11 de maio de 2010

Saudade

Parece que há lágrimas que não secam nunca. Não sei de onde vêm , tão depressa, ditatoriais, impondo - se quando digo o teu nome, como paga pela veleidade de te enunciar, de te ir enunciando a medo, timidamente, anos depois da tua ausência ( teimam em dizer -me que morreste)

Continuo a ver - te na rua
e nos jardins
e no céu
e nos textos
e nos olhos de despedida do avô

Continuo a ouvir - te cantar e o teu riso habita a porta da tua casa
a tua gargalhada, aquela que me devolvia a alegria e resgatava sempre do sítio mais escuro onde estivesse

Ouves - me?

Sinto - te ao meu lado á lareira, sem trocarmos palavra, aos olhos, a fogueira vai ardendo, os nossos soluços sem idade, a noção da perda, da saudade que já sentíamos um do outro.

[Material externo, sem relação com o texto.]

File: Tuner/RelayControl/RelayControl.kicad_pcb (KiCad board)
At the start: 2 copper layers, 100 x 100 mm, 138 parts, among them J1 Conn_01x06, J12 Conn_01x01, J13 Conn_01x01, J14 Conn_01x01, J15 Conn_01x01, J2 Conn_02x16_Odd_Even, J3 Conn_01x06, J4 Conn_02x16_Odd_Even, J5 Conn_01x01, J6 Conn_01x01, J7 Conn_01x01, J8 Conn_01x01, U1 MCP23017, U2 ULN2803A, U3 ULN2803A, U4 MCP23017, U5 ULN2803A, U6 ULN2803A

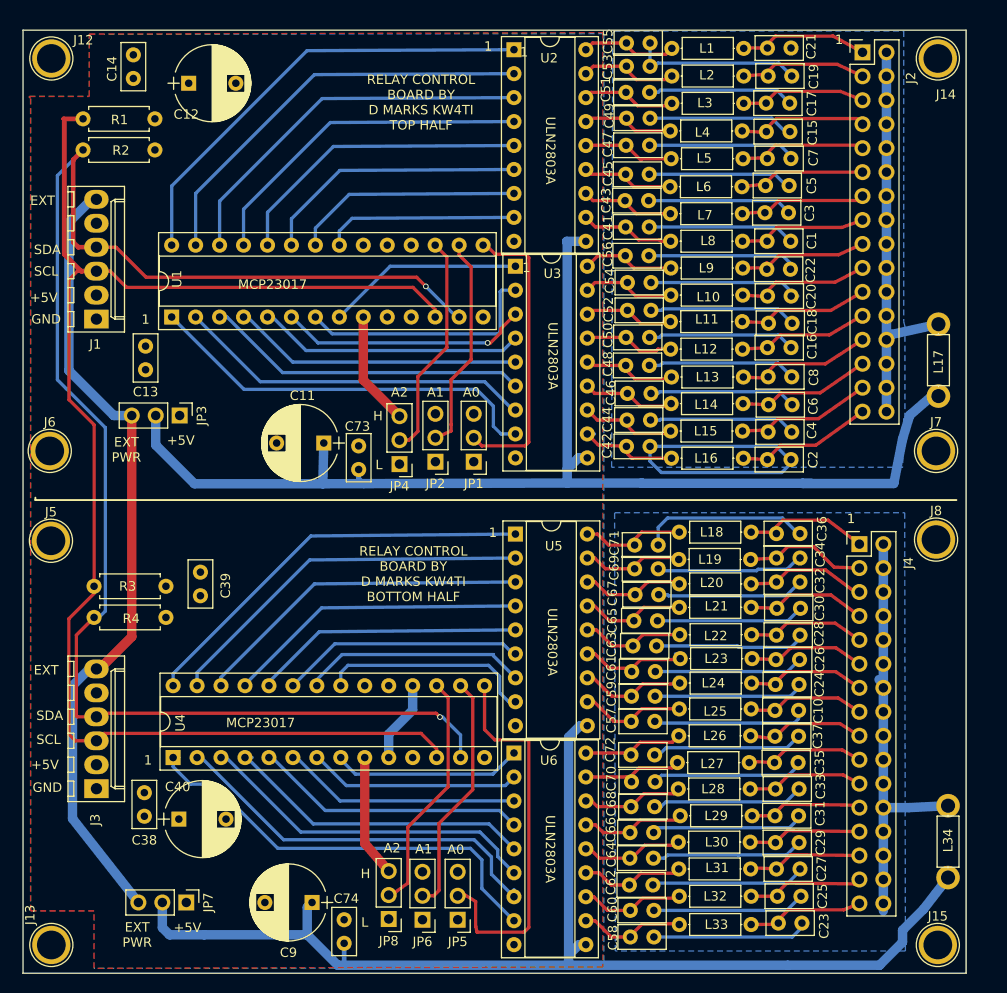
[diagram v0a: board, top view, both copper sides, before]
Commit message: Modified RelayControl and Reversible Section to Isolate Digital from Analog sections using RF chokes
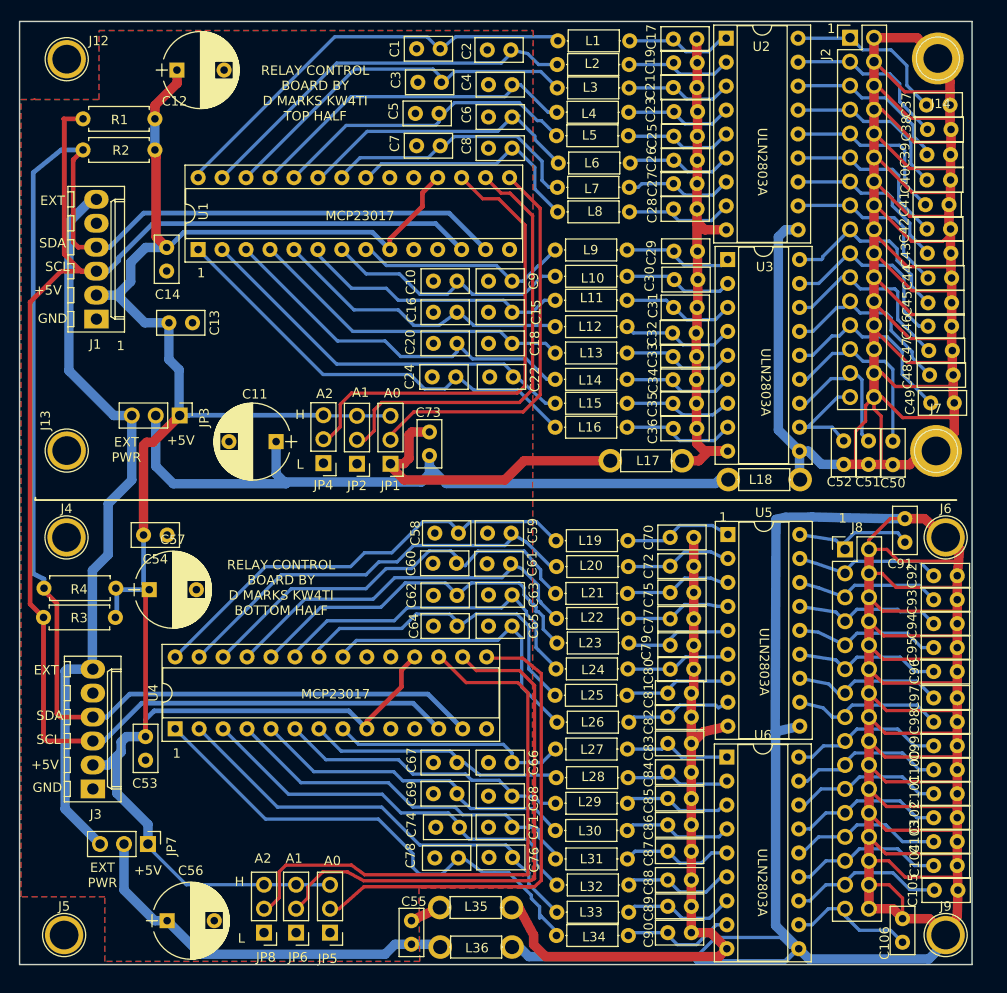
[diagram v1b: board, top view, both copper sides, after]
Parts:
- removed J15: Conn_01x01, Connectors:1pin
- added C100: 10 nF, Capacitors_THT:C_Disc_D5.0mm_W2.5mm_P2.50mm, F.Cu at (146.6, 128.4)
- added C101: 10 nF, Capacitors_THT:C_Disc_D5.0mm_W2.5mm_P2.50mm, F.Cu at (146.6, 131.0)
- added C102: 10 nF, Capacitors_THT:C_Disc_D5.0mm_W2.5mm_P2.50mm, F.Cu at (146.6, 133.5)
- added C103: 10 nF, Capacitors_THT:C_Disc_D5.0mm_W2.5mm_P2.50mm, F.Cu at (146.6, 136.0)
- added C104: 10 nF, Capacitors_THT:C_Disc_D5.0mm_W2.5mm_P2.50mm, F.Cu at (146.6, 138.6)
- added C105: 10 nF, Capacitors_THT:C_Disc_D5.0mm_W2.5mm_P2.50mm, F.Cu at (146.6, 141.2)
- added C106: 10 nF, Capacitors_THT:C_Disc_D5.0mm_W2.5mm_P2.50mm, F.Cu at (143.3, 146.7)
- added C75: 10 nF, Capacitors_THT:C_Disc_D5.0mm_W2.5mm_P2.50mm, F.Cu at (118.6, 109.6)
- added C76: 10 nF, Capacitors_THT:C_Disc_D5.0mm_W2.5mm_P2.50mm, F.Cu at (101.9, 137.7)
- added C77: 10 nF, Capacitors_THT:C_Disc_D5.0mm_W2.5mm_P2.50mm, F.Cu at (118.6, 112.4)
- added C78: 10 nF, Capacitors_THT:C_Disc_D5.0mm_W2.5mm_P2.50mm, F.Cu at (96.2, 137.8)
- added C79: 10 nF, Capacitors_THT:C_Disc_D5.0mm_W2.5mm_P2.50mm, F.Cu at (118.6, 115.2)
- added C80: 10 nF, Capacitors_THT:C_Disc_D5.0mm_W2.5mm_P2.50mm, F.Cu at (118.6, 117.8)
- added C81: 10 nF, Capacitors_THT:C_Disc_D5.0mm_W2.5mm_P2.50mm, F.Cu at (118.4, 120.3)
- added C82: 10 nF, Capacitors_THT:C_Disc_D5.0mm_W2.5mm_P2.50mm, F.Cu at (118.4, 122.8)
- added C83: 10 nF, Capacitors_THT:C_Disc_D5.0mm_W2.5mm_P2.50mm, F.Cu at (118.4, 125.6)
- added C84: 10 nF, Capacitors_THT:C_Disc_D5.0mm_W2.5mm_P2.50mm, F.Cu at (118.4, 128.7)
- added C85: 10 nF, Capacitors_THT:C_Disc_D5.0mm_W2.5mm_P2.50mm, F.Cu at (118.4, 131.5)
- added C86: 10 nF, Capacitors_THT:C_Disc_D5.0mm_W2.5mm_P2.50mm, F.Cu at (118.4, 134.3)
- added C87: 10 nF, Capacitors_THT:C_Disc_D5.0mm_W2.5mm_P2.50mm, F.Cu at (118.4, 137.1)
- added C88: 10 nF, Capacitors_THT:C_Disc_D5.0mm_W2.5mm_P2.50mm, F.Cu at (118.4, 140.1)
- added C89: 10 nF, Capacitors_THT:C_Disc_D5.0mm_W2.5mm_P2.50mm, F.Cu at (118.4, 142.9)
- added C90: 10 nF, Capacitors_THT:C_Disc_D5.0mm_W2.5mm_P2.50mm, F.Cu at (118.4, 145.7)
- added C91: 10 nF, Capacitors_THT:C_Disc_D5.0mm_W2.5mm_P2.50mm, F.Cu at (143.5, 104.3)
- added C92: 10 nF, Capacitors_THT:C_Disc_D5.0mm_W2.5mm_P2.50mm, F.Cu at (146.6, 107.8)
- added C93: 10 nF, Capacitors_THT:C_Disc_D5.0mm_W2.5mm_P2.50mm, F.Cu at (146.6, 110.4)
- added C94: 10 nF, Capacitors_THT:C_Disc_D5.0mm_W2.5mm_P2.50mm, F.Cu at (146.6, 112.9)
- added C95: 10 nF, Capacitors_THT:C_Disc_D5.0mm_W2.5mm_P2.50mm, F.Cu at (146.6, 115.5)
- added C96: 10 nF, Capacitors_THT:C_Disc_D5.0mm_W2.5mm_P2.50mm, F.Cu at (146.6, 118.0)
- added C97: 10 nF, Capacitors_THT:C_Disc_D5.0mm_W2.5mm_P2.50mm, F.Cu at (146.6, 120.8)
- added C98: 10 nF, Capacitors_THT:C_Disc_D5.0mm_W2.5mm_P2.50mm, F.Cu at (146.6, 123.3)
- added C99: 10 nF, Capacitors_THT:C_Disc_D5.0mm_W2.5mm_P2.50mm, F.Cu at (146.6, 125.9)
- added J9: Conn_01x01, Connectors:1pin, F.Cu at (147.8, 145.9)
- added L35: 100 uH, Inductors_THT:L_Axial_L5.3mm_D2.2mm_P7.62mm_Horizontal_Vishay_IM-1, F.Cu at (94.2, 143.0)
- added L36: 100 uH, Inductors_THT:L_Axial_L5.3mm_D2.2mm_P7.62mm_Horizontal_Vishay_IM-1, F.Cu at (101.9, 147.2)
- C38, C39, C74: value 100 nF -> 10 nF
- C40, C9: value 100 uF -> 10 nF; footprint Capacitors_THT:CP_Radial_D8.0mm_P5.00mm -> Capacitors_THT:C_Disc_D5.0mm_W2.5mm_P2.50mm
- C53, C54, C55: value 10 nF -> 100 nF
- C56, C57: value 10 nF -> 100 uF; footprint Capacitors_THT:C_Disc_D5.0mm_W2.5mm_P2.50mm -> Capacitors_THT:CP_Radial_D8.0mm_P5.00mm
- J4: value Conn_02x16_Odd_Even -> Conn_01x01; footprint Pin_Headers:Pin_Header_Straight_2x16_Pitch2.54mm -> Connectors:1pin
- J8: value Conn_01x01 -> Conn_02x16_Odd_Even; footprint Connectors:1pin -> Pin_Headers:Pin_Header_Straight_2x16_Pitch2.54mm
- moved C38 110.4 mm to (145.9, 60.5), turned to 0 degrees
- moved C40 104.3 mm to (145.8, 65.9)
- moved C55 96.4 mm to (91.2, 144.4), turned to 270 degrees
- moved J6 95.4 mm to (147.8, 103.8)
- moved C53 91.0 mm to (63.0, 127.4), turned to 90 degrees
- moved C39 90.1 mm to (145.8, 63.2), turned to 0 degrees
- moved C23 87.1 mm to (119.0, 58.6), turned to 0 degrees
- moved C56 87.1 mm to (65.3, 144.4), turned to 0 degrees
- moved J4 84.1 mm to (54.6, 103.8)
- moved C25 81.7 mm to (119.0, 61.2), turned to 0 degrees
- moved C27 73.9 mm to (119.0, 66.3), turned to 0 degrees
- moved C9 69.2 mm to (101.9, 76.6)
- moved C37 68.3 mm to (145.8, 57.9), turned to 0 degrees
- moved C29 64.1 mm to (119.0, 73.4), turned to 0 degrees
- moved C10 58.2 mm to (96.0, 76.6)
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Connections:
- C1 pad 2: Net-(C1-Pad2) -> GND
- C10 pad 2: Net-(C10-Pad2) -> GND
- C15 pad 1: Net-(C1-Pad1) -> Net-(C15-Pad1)
- C15 pad 2: Net-(C15-Pad2) -> GND
- C16 pad 1: Net-(C1-Pad1) -> Net-(C16-Pad1)
- C16 pad 2: Net-(C16-Pad2) -> GND
- C17 pad 1: Net-(C1-Pad1) -> Net-(C17-Pad1)
- C18 pad 1: Net-(C1-Pad1) -> Net-(C18-Pad1)
- C18 pad 2: Net-(C18-Pad2) -> GND
- C19 pad 1: Net-(C1-Pad1) -> Net-(C19-Pad1)
- C19 pad 2: Net-(C19-Pad2) -> Net-(C17-Pad2)
- C2 pad 1: Net-(C1-Pad1) -> Net-(C2-Pad1)
- C2 pad 2: Net-(C2-Pad2) -> GND
- C20 pad 1: Net-(C1-Pad1) -> Net-(C20-Pad1)
- C20 pad 2: Net-(C20-Pad2) -> GND
- C21 pad 1: Net-(C1-Pad1) -> Net-(C21-Pad1)
- C21 pad 2: Net-(C21-Pad2) -> Net-(C17-Pad2)
- C22 pad 1: Net-(C1-Pad1) -> Net-(C22-Pad1)
- C22 pad 2: Net-(C22-Pad2) -> GND
- C23 pad 1: Net-(C10-Pad1) -> Net-(C23-Pad1)
- C23 pad 2: Net-(C23-Pad2) -> Net-(C17-Pad2)
- C24 pad 1: Net-(C10-Pad1) -> Net-(C24-Pad1)
- C24 pad 2: Net-(C24-Pad2) -> GND
- C25 pad 1: Net-(C10-Pad1) -> Net-(C25-Pad1)
- C25 pad 2: Net-(C25-Pad2) -> Net-(C17-Pad2)
- C26 pad 1: Net-(C10-Pad1) -> Net-(C26-Pad1)
- C26 pad 2: Net-(C26-Pad2) -> Net-(C17-Pad2)
- C27 pad 1: Net-(C10-Pad1) -> Net-(C27-Pad1)
- C27 pad 2: Net-(C27-Pad2) -> Net-(C17-Pad2)
- C28 pad 1: Net-(C10-Pad1) -> Net-(C28-Pad1)
- C28 pad 2: Net-(C28-Pad2) -> Net-(C17-Pad2)
- C29 pad 1: Net-(C10-Pad1) -> Net-(C29-Pad1)
- C29 pad 2: Net-(C29-Pad2) -> Net-(C17-Pad2)
- C3 pad 1: Net-(C1-Pad1) -> Net-(C3-Pad1)
- C3 pad 2: Net-(C3-Pad2) -> GND
- C30 pad 1: Net-(C10-Pad1) -> Net-(C30-Pad1)
- C30 pad 2: Net-(C30-Pad2) -> Net-(C17-Pad2)
- C31 pad 1: Net-(C10-Pad1) -> Net-(C31-Pad1)
- C31 pad 2: Net-(C31-Pad2) -> Net-(C17-Pad2)
- C32 pad 1: Net-(C10-Pad1) -> Net-(C32-Pad1)
- C32 pad 2: Net-(C32-Pad2) -> Net-(C17-Pad2)
- C33 pad 1: Net-(C10-Pad1) -> Net-(C33-Pad1)
- C33 pad 2: Net-(C33-Pad2) -> Net-(C17-Pad2)
- C34 pad 1: Net-(C10-Pad1) -> Net-(C34-Pad1)
- C34 pad 2: Net-(C34-Pad2) -> Net-(C17-Pad2)
- C35 pad 1: Net-(C10-Pad1) -> Net-(C35-Pad1)
- C35 pad 2: Net-(C35-Pad2) -> Net-(C17-Pad2)
- C36 pad 1: Net-(C10-Pad1) -> Net-(C36-Pad1)
- C36 pad 2: Net-(C36-Pad2) -> Net-(C17-Pad2)
- C37 pad 1: Net-(C10-Pad1) -> Net-(C37-Pad1)
- C38 pad 1: GND -> Net-(C38-Pad1)
- C38 pad 2: +5V -> Net-(C37-Pad2)
- C39 pad 1: GND -> Net-(C39-Pad1)
- C39 pad 2: +5V -> Net-(C37-Pad2)
- C4 pad 1: Net-(C1-Pad1) -> Net-(C4-Pad1)
- C4 pad 2: Net-(C4-Pad2) -> GND
- C40 pad 1: +5V -> Net-(C40-Pad1)
- C40 pad 2: GND -> Net-(C37-Pad2)
- C41 pad 1: Net-(C1-Pad1) -> Net-(C41-Pad1)
- C41 pad 2: Net-(C41-Pad2) -> Net-(C37-Pad2)
- C42 pad 1: Net-(C1-Pad1) -> Net-(C42-Pad1)
- C42 pad 2: Net-(C42-Pad2) -> Net-(C37-Pad2)
- C43 pad 1: Net-(C1-Pad1) -> Net-(C43-Pad1)
- C43 pad 2: Net-(C43-Pad2) -> Net-(C37-Pad2)
- C44 pad 1: Net-(C1-Pad1) -> Net-(C44-Pad1)
- C44 pad 2: Net-(C44-Pad2) -> Net-(C37-Pad2)
- C45 pad 1: Net-(C1-Pad1) -> Net-(C45-Pad1)
- C45 pad 2: Net-(C45-Pad2) -> Net-(C37-Pad2)
- C46 pad 1: Net-(C1-Pad1) -> Net-(C46-Pad1)
- C46 pad 2: Net-(C46-Pad2) -> Net-(C37-Pad2)
- C47 pad 1: Net-(C1-Pad1) -> Net-(C47-Pad1)
- C47 pad 2: Net-(C47-Pad2) -> Net-(C37-Pad2)
- C48 pad 1: Net-(C1-Pad1) -> Net-(C48-Pad1)
- C48 pad 2: Net-(C48-Pad2) -> Net-(C37-Pad2)
- C49 pad 1: Net-(C1-Pad1) -> Net-(C49-Pad1)
- C49 pad 2: Net-(C49-Pad2) -> Net-(C37-Pad2)
- C5 pad 1: Net-(C1-Pad1) -> Net-(C5-Pad1)
- C5 pad 2: Net-(C5-Pad2) -> GND
- C50 pad 1: Net-(C1-Pad1) -> Net-(C50-Pad1)
- C50 pad 2: Net-(C50-Pad2) -> Net-(C37-Pad2)
- C51 pad 1: Net-(C1-Pad1) -> Net-(C51-Pad1)
- C51 pad 2: Net-(C51-Pad2) -> Net-(C37-Pad2)
- C52 pad 1: Net-(C1-Pad1) -> Net-(C52-Pad1)
- C52 pad 2: Net-(C52-Pad2) -> Net-(C37-Pad2)
- C53 pad 1: Net-(C1-Pad1) -> GND
- C53 pad 2: Net-(C53-Pad2) -> +5V
- C54 pad 1: Net-(C1-Pad1) -> GND
- C54 pad 2: Net-(C54-Pad2) -> +5V
- C55 pad 1: Net-(C1-Pad1) -> GND
- C55 pad 2: Net-(C55-Pad2) -> RLYPWR2
- C56 pad 1: Net-(C1-Pad1) -> RLYPWR2
- C56 pad 2: Net-(C56-Pad2) -> GND
- C57 pad 1: Net-(C10-Pad1) -> +5V
- C57 pad 2: Net-(C57-Pad2) -> GND
- C58 pad 1: Net-(C10-Pad1) -> Net-(C58-Pad1)
- C58 pad 2: Net-(C58-Pad2) -> GND
- C59 pad 1: Net-(C10-Pad1) -> Net-(C59-Pad1)
- C59 pad 2: Net-(C59-Pad2) -> GND
- C6 pad 1: Net-(C1-Pad1) -> Net-(C6-Pad1)
- C6 pad 2: Net-(C6-Pad2) -> GND
- C60 pad 1: Net-(C10-Pad1) -> Net-(C60-Pad1)
- C60 pad 2: Net-(C60-Pad2) -> GND
- C61 pad 1: Net-(C10-Pad1) -> Net-(C61-Pad1)
- C61 pad 2: Net-(C61-Pad2) -> GND
- C62 pad 1: Net-(C10-Pad1) -> Net-(C62-Pad1)
- C62 pad 2: Net-(C62-Pad2) -> GND
- C63 pad 1: Net-(C10-Pad1) -> Net-(C63-Pad1)
- C63 pad 2: Net-(C63-Pad2) -> GND
- C64 pad 1: Net-(C10-Pad1) -> Net-(C64-Pad1)
- C64 pad 2: Net-(C64-Pad2) -> GND
- C65 pad 1: Net-(C10-Pad1) -> Net-(C65-Pad1)
- C65 pad 2: Net-(C65-Pad2) -> GND
- C66 pad 1: Net-(C10-Pad1) -> Net-(C66-Pad1)
- C66 pad 2: Net-(C66-Pad2) -> GND
- C67 pad 1: Net-(C10-Pad1) -> Net-(C67-Pad1)
- C67 pad 2: Net-(C67-Pad2) -> GND
- C68 pad 1: Net-(C10-Pad1) -> Net-(C68-Pad1)
- C68 pad 2: Net-(C68-Pad2) -> GND
- C69 pad 1: Net-(C10-Pad1) -> Net-(C69-Pad1)
- C69 pad 2: Net-(C69-Pad2) -> GND
- C7 pad 1: Net-(C1-Pad1) -> Net-(C7-Pad1)
- C7 pad 2: Net-(C7-Pad2) -> GND
- C70 pad 1: Net-(C10-Pad1) -> Net-(C70-Pad1)
- C71 pad 1: Net-(C10-Pad1) -> Net-(C71-Pad1)
- C71 pad 2: Net-(C71-Pad2) -> GND
- C72 pad 1: Net-(C10-Pad1) -> Net-(C72-Pad1)
- C72 pad 2: Net-(C72-Pad2) -> Net-(C70-Pad2)
- C74 pad 1: GND -> Net-(C74-Pad1)
- C74 pad 2: RLYPWR2 -> GND
- C8 pad 1: Net-(C1-Pad1) -> Net-(C8-Pad1)
- C8 pad 2: Net-(C8-Pad2) -> GND
- C9 pad 1: RLYPWR2 -> Net-(C9-Pad1)
- J14 pad 1: (no net) -> Net-(C37-Pad2)
- J2 pad 1: Net-(C21-Pad2) -> Net-(C37-Pad1)
- J2 pad 10: Net-(C1-Pad1) -> Net-(C37-Pad2)
- J2 pad 11: Net-(C5-Pad2) -> Net-(C42-Pad1)
- J2 pad 12: Net-(C1-Pad1) -> Net-(C37-Pad2)
- J2 pad 13: Net-(C3-Pad2) -> Net-(C43-Pad1)
- J2 pad 14: Net-(C1-Pad1) -> Net-(C37-Pad2)
- J2 pad 15: Net-(C1-Pad2) -> Net-(C44-Pad1)
- J2 pad 16: Net-(C1-Pad1) -> Net-(C37-Pad2)
- J2 pad 17: Net-(C22-Pad2) -> Net-(C45-Pad1)
- J2 pad 18: Net-(C1-Pad1) -> Net-(C37-Pad2)
- J2 pad 19: Net-(C20-Pad2) -> Net-(C46-Pad1)
- J2 pad 2: Net-(C1-Pad1) -> Net-(C37-Pad2)
- J2 pad 20: Net-(C1-Pad1) -> Net-(C37-Pad2)
- J2 pad 21: Net-(C18-Pad2) -> Net-(C47-Pad1)
- J2 pad 22: Net-(C1-Pad1) -> Net-(C37-Pad2)
- J2 pad 23: Net-(C16-Pad2) -> Net-(C48-Pad1)
- J2 pad 24: Net-(C1-Pad1) -> Net-(C37-Pad2)
- J2 pad 25: Net-(C8-Pad2) -> Net-(C49-Pad1)
- J2 pad 26: Net-(C1-Pad1) -> Net-(C37-Pad2)
- J2 pad 27: Net-(C6-Pad2) -> Net-(C50-Pad1)
- J2 pad 28: Net-(C1-Pad1) -> Net-(C37-Pad2)
- J2 pad 29: Net-(C4-Pad2) -> Net-(C51-Pad1)
- J2 pad 3: Net-(C19-Pad2) -> Net-(C38-Pad1)
- J2 pad 30: Net-(C1-Pad1) -> Net-(C37-Pad2)
- J2 pad 31: Net-(C2-Pad2) -> Net-(C52-Pad1)
- J2 pad 32: Net-(C1-Pad1) -> Net-(C37-Pad2)
- J2 pad 4: Net-(C1-Pad1) -> Net-(C37-Pad2)
- J2 pad 5: Net-(C17-Pad2) -> Net-(C39-Pad1)
- J2 pad 6: Net-(C1-Pad1) -> Net-(C37-Pad2)
- J2 pad 7: Net-(C15-Pad2) -> Net-(C40-Pad1)
- J2 pad 8: Net-(C1-Pad1) -> Net-(C37-Pad2)
- J2 pad 9: Net-(C7-Pad2) -> Net-(C41-Pad1)
- J4 pad 1: Net-(C36-Pad2) -> (no net)
- J6 pad 1: (no net) -> Net-(C100-Pad2)
- J7 pad 1: (no net) -> Net-(C37-Pad2)
- J8 pad 1: (no net) -> Net-(C91-Pad1)
- L1 pad 1: Net-(C21-Pad2) -> Net-(C17-Pad1)
- L1 pad 2: Net-(C55-Pad2) -> Net-(C1-Pad1)
- L10 pad 1: Net-(C20-Pad2) -> Net-(C30-Pad1)
- L10 pad 2: Net-(C54-Pad2) -> Net-(C10-Pad1)
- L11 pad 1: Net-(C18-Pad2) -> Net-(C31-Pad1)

Lembro -me das tuas lágrimas - choravas muito por coisas bonitas, o mundo emocionava - te, ensinaste - me isso, esse arrepio de estarmos vivos e testemunharmos a beleza como um roubo, um assalto permitido, a alegria da desobediência, o imperativo de sermos felizes.

Lembro -me das tuas lágrimas- choravas quando se celebrava o amor, pleno, livre ou censurado, o amor verdadeiro, aquilo que nos move.


Não consigo enunciar o teu nome. Evoca -me as lágrimas ditatoriais. Procuro -te, sou pequenino outra vez, dá -me a mão, vamos passear.


Teimam em dizer -me que morreste

Como?! Se continuo a ver - te na rua?

7 de maio de 2010

Regresso

Acho que estou de volta aos posts. Não sei porquê nem por quanto tempo, mas provavelmente irá ser por pouco.


Suponho que depende do que haja por dizer de mim, para mim.